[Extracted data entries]
====================
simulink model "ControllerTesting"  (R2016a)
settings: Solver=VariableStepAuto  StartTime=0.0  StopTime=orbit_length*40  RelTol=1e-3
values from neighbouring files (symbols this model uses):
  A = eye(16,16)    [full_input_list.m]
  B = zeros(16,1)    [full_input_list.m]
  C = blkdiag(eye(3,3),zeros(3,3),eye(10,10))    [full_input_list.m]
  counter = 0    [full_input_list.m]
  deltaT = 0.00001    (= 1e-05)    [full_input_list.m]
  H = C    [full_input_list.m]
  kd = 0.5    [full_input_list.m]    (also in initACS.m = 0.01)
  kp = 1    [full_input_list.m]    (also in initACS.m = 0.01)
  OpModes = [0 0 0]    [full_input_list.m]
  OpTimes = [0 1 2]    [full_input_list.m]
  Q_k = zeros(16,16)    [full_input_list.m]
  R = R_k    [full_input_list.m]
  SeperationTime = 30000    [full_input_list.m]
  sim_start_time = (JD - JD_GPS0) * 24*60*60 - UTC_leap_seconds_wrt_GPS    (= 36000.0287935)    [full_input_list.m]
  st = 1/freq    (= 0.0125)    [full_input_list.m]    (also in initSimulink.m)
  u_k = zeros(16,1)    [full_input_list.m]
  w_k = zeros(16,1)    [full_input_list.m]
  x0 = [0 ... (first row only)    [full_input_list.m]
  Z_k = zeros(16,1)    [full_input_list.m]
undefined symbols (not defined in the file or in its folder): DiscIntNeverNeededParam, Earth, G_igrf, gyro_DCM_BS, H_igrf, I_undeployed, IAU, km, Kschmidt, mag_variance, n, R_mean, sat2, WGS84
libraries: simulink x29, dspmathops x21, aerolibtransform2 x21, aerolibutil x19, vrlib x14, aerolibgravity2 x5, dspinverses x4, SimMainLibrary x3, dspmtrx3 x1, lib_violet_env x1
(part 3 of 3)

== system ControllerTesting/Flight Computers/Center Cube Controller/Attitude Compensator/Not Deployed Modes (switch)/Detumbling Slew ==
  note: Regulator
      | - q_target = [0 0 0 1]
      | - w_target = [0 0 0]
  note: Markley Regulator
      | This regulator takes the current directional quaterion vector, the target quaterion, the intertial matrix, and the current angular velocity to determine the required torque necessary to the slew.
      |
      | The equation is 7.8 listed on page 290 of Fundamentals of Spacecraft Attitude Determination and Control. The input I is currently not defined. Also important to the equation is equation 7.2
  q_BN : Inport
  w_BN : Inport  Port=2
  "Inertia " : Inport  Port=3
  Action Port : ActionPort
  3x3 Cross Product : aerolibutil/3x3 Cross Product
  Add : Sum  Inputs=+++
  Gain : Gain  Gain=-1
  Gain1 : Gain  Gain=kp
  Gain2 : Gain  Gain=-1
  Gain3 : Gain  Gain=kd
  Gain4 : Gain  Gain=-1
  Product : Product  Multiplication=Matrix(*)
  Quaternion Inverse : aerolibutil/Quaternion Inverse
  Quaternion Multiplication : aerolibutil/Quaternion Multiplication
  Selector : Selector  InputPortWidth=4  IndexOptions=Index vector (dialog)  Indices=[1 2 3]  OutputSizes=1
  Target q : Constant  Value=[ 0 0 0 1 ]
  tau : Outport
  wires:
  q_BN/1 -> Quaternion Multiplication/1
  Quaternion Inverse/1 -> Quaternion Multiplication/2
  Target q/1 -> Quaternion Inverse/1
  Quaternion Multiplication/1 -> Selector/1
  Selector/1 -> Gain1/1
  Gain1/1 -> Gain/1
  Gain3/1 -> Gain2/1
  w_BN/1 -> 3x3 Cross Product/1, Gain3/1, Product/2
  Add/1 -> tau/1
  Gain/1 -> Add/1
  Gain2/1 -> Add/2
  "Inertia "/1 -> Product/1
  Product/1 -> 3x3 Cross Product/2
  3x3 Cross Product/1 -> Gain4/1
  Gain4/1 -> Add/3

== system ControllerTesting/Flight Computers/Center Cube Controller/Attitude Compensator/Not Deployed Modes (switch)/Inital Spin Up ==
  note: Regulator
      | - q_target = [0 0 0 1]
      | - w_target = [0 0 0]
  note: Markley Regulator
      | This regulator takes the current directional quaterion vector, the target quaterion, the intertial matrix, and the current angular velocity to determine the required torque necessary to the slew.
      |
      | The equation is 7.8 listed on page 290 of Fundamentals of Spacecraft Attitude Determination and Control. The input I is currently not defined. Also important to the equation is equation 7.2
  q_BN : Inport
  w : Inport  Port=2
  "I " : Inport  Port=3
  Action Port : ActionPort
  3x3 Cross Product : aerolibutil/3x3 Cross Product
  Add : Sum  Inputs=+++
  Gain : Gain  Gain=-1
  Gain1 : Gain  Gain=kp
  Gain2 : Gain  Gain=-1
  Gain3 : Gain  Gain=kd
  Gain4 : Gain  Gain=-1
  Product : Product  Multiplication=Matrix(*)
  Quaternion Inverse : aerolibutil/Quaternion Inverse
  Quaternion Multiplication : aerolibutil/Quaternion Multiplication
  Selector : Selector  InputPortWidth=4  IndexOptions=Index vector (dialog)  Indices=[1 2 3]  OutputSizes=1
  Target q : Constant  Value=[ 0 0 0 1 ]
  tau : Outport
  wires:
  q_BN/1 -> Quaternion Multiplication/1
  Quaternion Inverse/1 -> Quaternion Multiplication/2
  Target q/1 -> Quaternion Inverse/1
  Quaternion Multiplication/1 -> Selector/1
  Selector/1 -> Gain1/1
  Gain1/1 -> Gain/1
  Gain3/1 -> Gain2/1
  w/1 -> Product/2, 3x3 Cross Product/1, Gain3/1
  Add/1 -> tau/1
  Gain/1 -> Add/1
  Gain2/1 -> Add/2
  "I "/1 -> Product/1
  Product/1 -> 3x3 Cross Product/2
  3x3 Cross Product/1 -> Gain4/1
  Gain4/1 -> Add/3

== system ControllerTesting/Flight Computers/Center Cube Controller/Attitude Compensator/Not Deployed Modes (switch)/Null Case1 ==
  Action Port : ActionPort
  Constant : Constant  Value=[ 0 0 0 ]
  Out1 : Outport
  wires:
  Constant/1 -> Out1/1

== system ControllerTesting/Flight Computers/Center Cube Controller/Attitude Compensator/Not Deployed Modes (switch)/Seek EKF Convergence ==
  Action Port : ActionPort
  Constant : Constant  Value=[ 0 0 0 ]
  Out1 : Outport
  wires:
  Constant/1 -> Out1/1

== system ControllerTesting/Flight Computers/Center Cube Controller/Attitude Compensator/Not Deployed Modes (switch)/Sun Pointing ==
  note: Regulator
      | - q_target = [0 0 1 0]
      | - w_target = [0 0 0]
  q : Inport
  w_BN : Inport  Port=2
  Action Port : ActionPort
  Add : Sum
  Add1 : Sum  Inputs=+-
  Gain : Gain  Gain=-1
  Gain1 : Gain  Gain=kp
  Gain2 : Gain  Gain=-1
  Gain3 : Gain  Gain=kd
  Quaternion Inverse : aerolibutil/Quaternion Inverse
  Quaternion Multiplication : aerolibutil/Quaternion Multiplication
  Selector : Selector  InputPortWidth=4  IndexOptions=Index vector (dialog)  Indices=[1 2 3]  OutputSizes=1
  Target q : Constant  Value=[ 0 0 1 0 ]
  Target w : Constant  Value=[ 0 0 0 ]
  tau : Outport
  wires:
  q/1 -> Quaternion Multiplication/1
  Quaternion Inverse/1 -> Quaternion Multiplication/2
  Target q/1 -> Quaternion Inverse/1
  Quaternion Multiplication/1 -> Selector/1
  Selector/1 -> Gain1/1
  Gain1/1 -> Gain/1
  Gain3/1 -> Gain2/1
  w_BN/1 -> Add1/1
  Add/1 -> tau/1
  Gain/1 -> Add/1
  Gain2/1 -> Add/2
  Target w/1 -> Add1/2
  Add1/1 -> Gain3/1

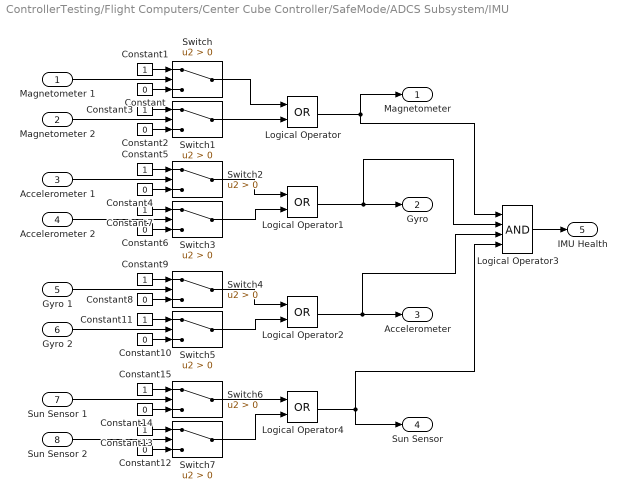
== system ControllerTesting/Flight Computers/Center Cube Controller/SafeMode/ADCS Subsystem/IMU ==
  Magnetometer 1 : Inport
  Magnetometer 2 : Inport  Port=2
  Accelerometer 1 : Inport  Port=3
  " Accelerometer 2" : Inport  Port=4
  Gyro 1 : Inport  Port=5
  Gyro 2 : Inport  Port=6
  Sun Sensor 1 : Inport  Port=7
  Sun Sensor 2 : Inport  Port=8
  Constant{,2,4,6,8,10,12,14} (8 alike) : Constant  Value=0
  Constant{1,3,5,7,9,11,13,15} (8 alike) : Constant
  Logical Operator{,1..2,4} (4 alike) : Logic  Operator=OR  AllPortsSameDT=off  OutDataTypeStr=boolean
  Logical Operator3 : Logic  Inputs=4  AllPortsSameDT=off  OutDataTypeStr=boolean
  Switch{,1..7} (8 alike) : Switch  Criteria=u2 > Threshold
  Magnetometer : Outport
  "Gyro " : Outport  Port=2
  Accelerometer : Outport  Port=3
  "Sun Sensor " : Outport  Port=4
  IMU Health : Outport  Port=5
  wires:
  Logical Operator3/1 -> IMU Health/1
  Switch7/1 -> Logical Operator4/2
  Constant12/1 -> Switch7/3
  Constant13/1 -> Switch7/1
  Switch6/1 -> Logical Operator4/1
  Constant14/1 -> Switch6/3
  Constant15/1 -> Switch6/1
  Logical Operator4/1 -> Logical Operator3/4, "Sun Sensor "/1
  Switch5/1 -> Logical Operator2/2
  Constant10/1 -> Switch5/3
  Constant11/1 -> Switch5/1
  Switch4/1 -> Logical Operator2/1
  Constant8/1 -> Switch4/3
  Constant9/1 -> Switch4/1
  Switch3/1 -> Logical Operator1/2
  Constant6/1 -> Switch3/3
  Constant7/1 -> Switch3/1
  Switch2/1 -> Logical Operator1/1
  Constant4/1 -> Switch2/3
  Constant5/1 -> Switch2/1
  Switch1/1 -> Logical Operator/2
  Constant2/1 -> Switch1/3
  Constant3/1 -> Switch1/1
  Switch/1 -> Logical Operator/1
  Constant/1 -> Switch/3
  Constant1/1 -> Switch/1
  Magnetometer 1/1 -> Switch/2
  Logical Operator2/1 -> Accelerometer/1, Logical Operator3/3
  Logical Operator1/1 -> "Gyro "/1, Logical Operator3/2
  Logical Operator/1 -> Logical Operator3/1, Magnetometer/1
  Magnetometer 2/1 -> Switch1/2
  Gyro 1/1 -> Switch4/2
  Gyro 2/1 -> Switch5/2
  Sun Sensor 1/1 -> Switch6/2
  Sun Sensor 2/1 -> Switch7/2
  " Accelerometer 2"/1 -> Switch3/2
  Accelerometer 1/1 -> Switch2/2

== system ControllerTesting/Flight Computers/Center Cube Controller/SafeMode/ADCS Subsystem/Magnetic Torquers ==
  Magnetorquer X1 : Inport
  Magnetometer Y1 : Inport  Port=2
  Magnetometer Z1 : Inport  Port=3
  Constant : Constant  Value=0
  Constant1 : Constant
  Constant4 : Constant  Value=0
  Constant5 : Constant
  Constant8 : Constant  Value=0
  Constant9 : Constant
  Logical Operator3 : Logic  Inputs=3  AllPortsSameDT=off  OutDataTypeStr=boolean
  Switch : Switch  Criteria=u2 > Threshold
  Switch2 : Switch  Criteria=u2 > Threshold
  Switch4 : Switch  Criteria=u2 > Threshold
  X Torquer Status : Outport
  "Y Torquer Status " : Outport  Port=2
  Z Torquer Status : Outport  Port=3
  Actuator Health : Outport  Port=4
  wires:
====================
● The task
Make a copy of each line in the records that has the word "model".

● Problem solution
simulink model "ControllerTesting"  (R2016a)
values from neighbouring files (symbols this model uses):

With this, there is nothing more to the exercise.